Problem statement →
Starting at the top of the records below, write out each line exactly as it stands, stopping after the line with "circle A2 centre (0, 10.45) radius 0.8"; exclude the pictures.

Records drawn from a dataset →

******

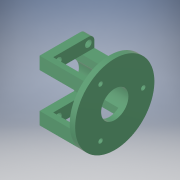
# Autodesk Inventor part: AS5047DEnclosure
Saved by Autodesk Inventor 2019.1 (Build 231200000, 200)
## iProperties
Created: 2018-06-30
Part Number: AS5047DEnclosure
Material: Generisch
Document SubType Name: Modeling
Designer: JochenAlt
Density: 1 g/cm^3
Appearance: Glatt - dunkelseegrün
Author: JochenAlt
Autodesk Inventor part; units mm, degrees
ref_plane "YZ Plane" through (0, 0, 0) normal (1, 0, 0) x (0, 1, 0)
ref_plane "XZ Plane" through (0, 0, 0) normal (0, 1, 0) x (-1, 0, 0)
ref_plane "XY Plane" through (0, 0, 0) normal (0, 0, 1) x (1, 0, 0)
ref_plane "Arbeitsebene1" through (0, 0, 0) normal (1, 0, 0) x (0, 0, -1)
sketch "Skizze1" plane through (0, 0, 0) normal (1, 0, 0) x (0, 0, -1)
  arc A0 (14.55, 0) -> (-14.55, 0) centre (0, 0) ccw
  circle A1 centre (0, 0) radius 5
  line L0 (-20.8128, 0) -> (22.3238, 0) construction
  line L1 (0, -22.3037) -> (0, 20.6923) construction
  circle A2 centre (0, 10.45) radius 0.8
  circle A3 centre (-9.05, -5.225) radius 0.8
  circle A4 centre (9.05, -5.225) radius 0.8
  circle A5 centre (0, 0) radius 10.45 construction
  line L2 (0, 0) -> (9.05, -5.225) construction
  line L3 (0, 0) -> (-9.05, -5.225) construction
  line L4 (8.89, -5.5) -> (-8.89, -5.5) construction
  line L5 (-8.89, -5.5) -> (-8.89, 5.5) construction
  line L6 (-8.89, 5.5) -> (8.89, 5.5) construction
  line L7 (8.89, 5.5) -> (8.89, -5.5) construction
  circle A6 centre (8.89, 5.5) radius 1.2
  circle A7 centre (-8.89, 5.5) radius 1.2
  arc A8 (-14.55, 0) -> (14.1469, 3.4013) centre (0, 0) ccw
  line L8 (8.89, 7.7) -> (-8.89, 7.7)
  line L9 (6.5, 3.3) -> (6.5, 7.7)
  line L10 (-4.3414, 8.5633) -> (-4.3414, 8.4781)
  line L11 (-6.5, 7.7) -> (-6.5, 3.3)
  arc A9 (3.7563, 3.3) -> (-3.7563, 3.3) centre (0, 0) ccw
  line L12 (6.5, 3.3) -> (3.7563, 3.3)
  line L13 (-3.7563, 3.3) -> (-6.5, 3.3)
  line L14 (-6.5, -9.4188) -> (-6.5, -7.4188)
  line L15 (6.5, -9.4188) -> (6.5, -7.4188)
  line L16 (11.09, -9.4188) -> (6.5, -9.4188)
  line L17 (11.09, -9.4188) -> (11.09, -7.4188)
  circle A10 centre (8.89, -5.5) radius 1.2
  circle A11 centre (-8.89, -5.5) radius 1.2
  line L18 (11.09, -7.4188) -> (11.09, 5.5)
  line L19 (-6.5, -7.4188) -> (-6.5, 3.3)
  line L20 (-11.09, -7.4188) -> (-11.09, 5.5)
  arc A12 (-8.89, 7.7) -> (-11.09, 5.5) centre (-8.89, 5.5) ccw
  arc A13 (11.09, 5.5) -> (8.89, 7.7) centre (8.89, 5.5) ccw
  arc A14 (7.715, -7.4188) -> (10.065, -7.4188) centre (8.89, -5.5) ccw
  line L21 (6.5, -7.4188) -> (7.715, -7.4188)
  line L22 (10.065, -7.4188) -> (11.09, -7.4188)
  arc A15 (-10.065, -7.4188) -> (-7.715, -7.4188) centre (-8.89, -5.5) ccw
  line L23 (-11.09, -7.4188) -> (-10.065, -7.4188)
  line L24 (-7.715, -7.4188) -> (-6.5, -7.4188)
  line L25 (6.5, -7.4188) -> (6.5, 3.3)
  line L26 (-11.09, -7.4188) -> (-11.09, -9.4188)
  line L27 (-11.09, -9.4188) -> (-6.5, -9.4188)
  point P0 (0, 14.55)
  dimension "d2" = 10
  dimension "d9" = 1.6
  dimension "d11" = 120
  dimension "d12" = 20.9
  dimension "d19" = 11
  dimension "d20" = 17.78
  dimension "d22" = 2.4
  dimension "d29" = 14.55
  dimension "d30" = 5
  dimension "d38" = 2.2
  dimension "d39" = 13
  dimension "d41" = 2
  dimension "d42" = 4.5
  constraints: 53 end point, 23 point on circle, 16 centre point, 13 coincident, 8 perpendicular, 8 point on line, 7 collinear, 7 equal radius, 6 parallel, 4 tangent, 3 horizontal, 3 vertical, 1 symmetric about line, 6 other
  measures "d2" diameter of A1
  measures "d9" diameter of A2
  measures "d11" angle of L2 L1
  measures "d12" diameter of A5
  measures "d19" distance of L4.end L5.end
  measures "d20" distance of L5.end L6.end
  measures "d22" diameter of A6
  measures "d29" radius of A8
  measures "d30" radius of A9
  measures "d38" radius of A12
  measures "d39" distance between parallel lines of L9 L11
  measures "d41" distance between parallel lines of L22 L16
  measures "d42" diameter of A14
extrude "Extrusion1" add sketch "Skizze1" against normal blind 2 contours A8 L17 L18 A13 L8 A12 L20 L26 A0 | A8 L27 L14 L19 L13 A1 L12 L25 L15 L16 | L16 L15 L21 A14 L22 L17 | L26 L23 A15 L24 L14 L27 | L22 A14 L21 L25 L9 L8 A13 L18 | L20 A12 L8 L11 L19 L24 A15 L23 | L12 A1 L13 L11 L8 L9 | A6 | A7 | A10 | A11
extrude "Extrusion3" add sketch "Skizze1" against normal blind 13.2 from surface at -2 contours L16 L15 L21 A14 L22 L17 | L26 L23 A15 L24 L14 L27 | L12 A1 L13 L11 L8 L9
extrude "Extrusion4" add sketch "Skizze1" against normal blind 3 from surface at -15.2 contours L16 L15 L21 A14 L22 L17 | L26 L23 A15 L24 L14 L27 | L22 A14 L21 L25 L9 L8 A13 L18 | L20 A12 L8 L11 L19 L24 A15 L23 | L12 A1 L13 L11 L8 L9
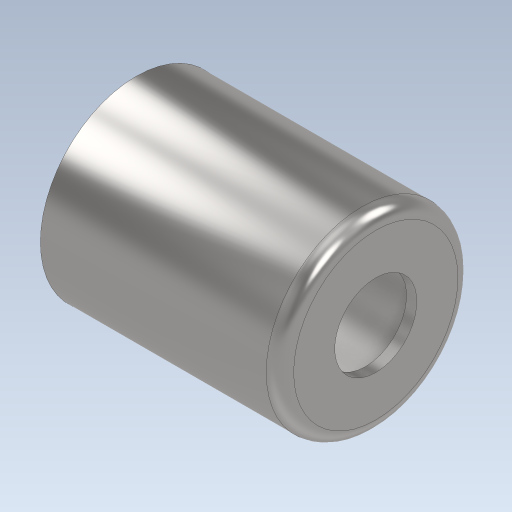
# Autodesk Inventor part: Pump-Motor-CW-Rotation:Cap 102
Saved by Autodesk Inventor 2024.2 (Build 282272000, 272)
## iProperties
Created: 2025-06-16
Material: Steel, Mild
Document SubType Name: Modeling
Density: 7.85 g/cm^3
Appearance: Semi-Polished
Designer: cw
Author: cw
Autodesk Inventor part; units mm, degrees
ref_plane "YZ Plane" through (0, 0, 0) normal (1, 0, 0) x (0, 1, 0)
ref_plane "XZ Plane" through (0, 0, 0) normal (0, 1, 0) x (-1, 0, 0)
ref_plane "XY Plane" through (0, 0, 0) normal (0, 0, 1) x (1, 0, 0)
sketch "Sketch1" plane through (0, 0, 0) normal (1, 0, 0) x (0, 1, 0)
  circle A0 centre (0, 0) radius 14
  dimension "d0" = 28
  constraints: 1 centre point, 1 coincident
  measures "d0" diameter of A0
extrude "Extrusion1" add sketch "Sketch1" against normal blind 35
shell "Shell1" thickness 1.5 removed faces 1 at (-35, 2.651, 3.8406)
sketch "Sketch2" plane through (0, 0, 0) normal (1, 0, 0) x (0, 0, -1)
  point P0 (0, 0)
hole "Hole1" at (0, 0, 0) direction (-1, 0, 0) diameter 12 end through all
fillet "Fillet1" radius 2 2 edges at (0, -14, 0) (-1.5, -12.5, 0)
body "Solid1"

******

Response to this task →
# Autodesk Inventor part: AS5047DEnclosure
Saved by Autodesk Inventor 2019.1 (Build 231200000, 200)
## iProperties
Created: 2018-06-30
Part Number: AS5047DEnclosure
Material: Generisch
Document SubType Name: Modeling
Designer: JochenAlt
Density: 1 g/cm^3
Appearance: Glatt - dunkelseegrün
Author: JochenAlt
Autodesk Inventor part; units mm, degrees
ref_plane "YZ Plane" through (0, 0, 0) normal (1, 0, 0) x (0, 1, 0)
ref_plane "XZ Plane" through (0, 0, 0) normal (0, 1, 0) x (-1, 0, 0)
ref_plane "XY Plane" through (0, 0, 0) normal (0, 0, 1) x (1, 0, 0)
ref_plane "Arbeitsebene1" through (0, 0, 0) normal (1, 0, 0) x (0, 0, -1)
sketch "Skizze1" plane through (0, 0, 0) normal (1, 0, 0) x (0, 0, -1)
  arc A0 (14.55, 0) -> (-14.55, 0) centre (0, 0) ccw
  circle A1 centre (0, 0) radius 5
  line L0 (-20.8128, 0) -> (22.3238, 0) construction
  line L1 (0, -22.3037) -> (0, 20.6923) construction
  circle A2 centre (0, 10.45) radius 0.8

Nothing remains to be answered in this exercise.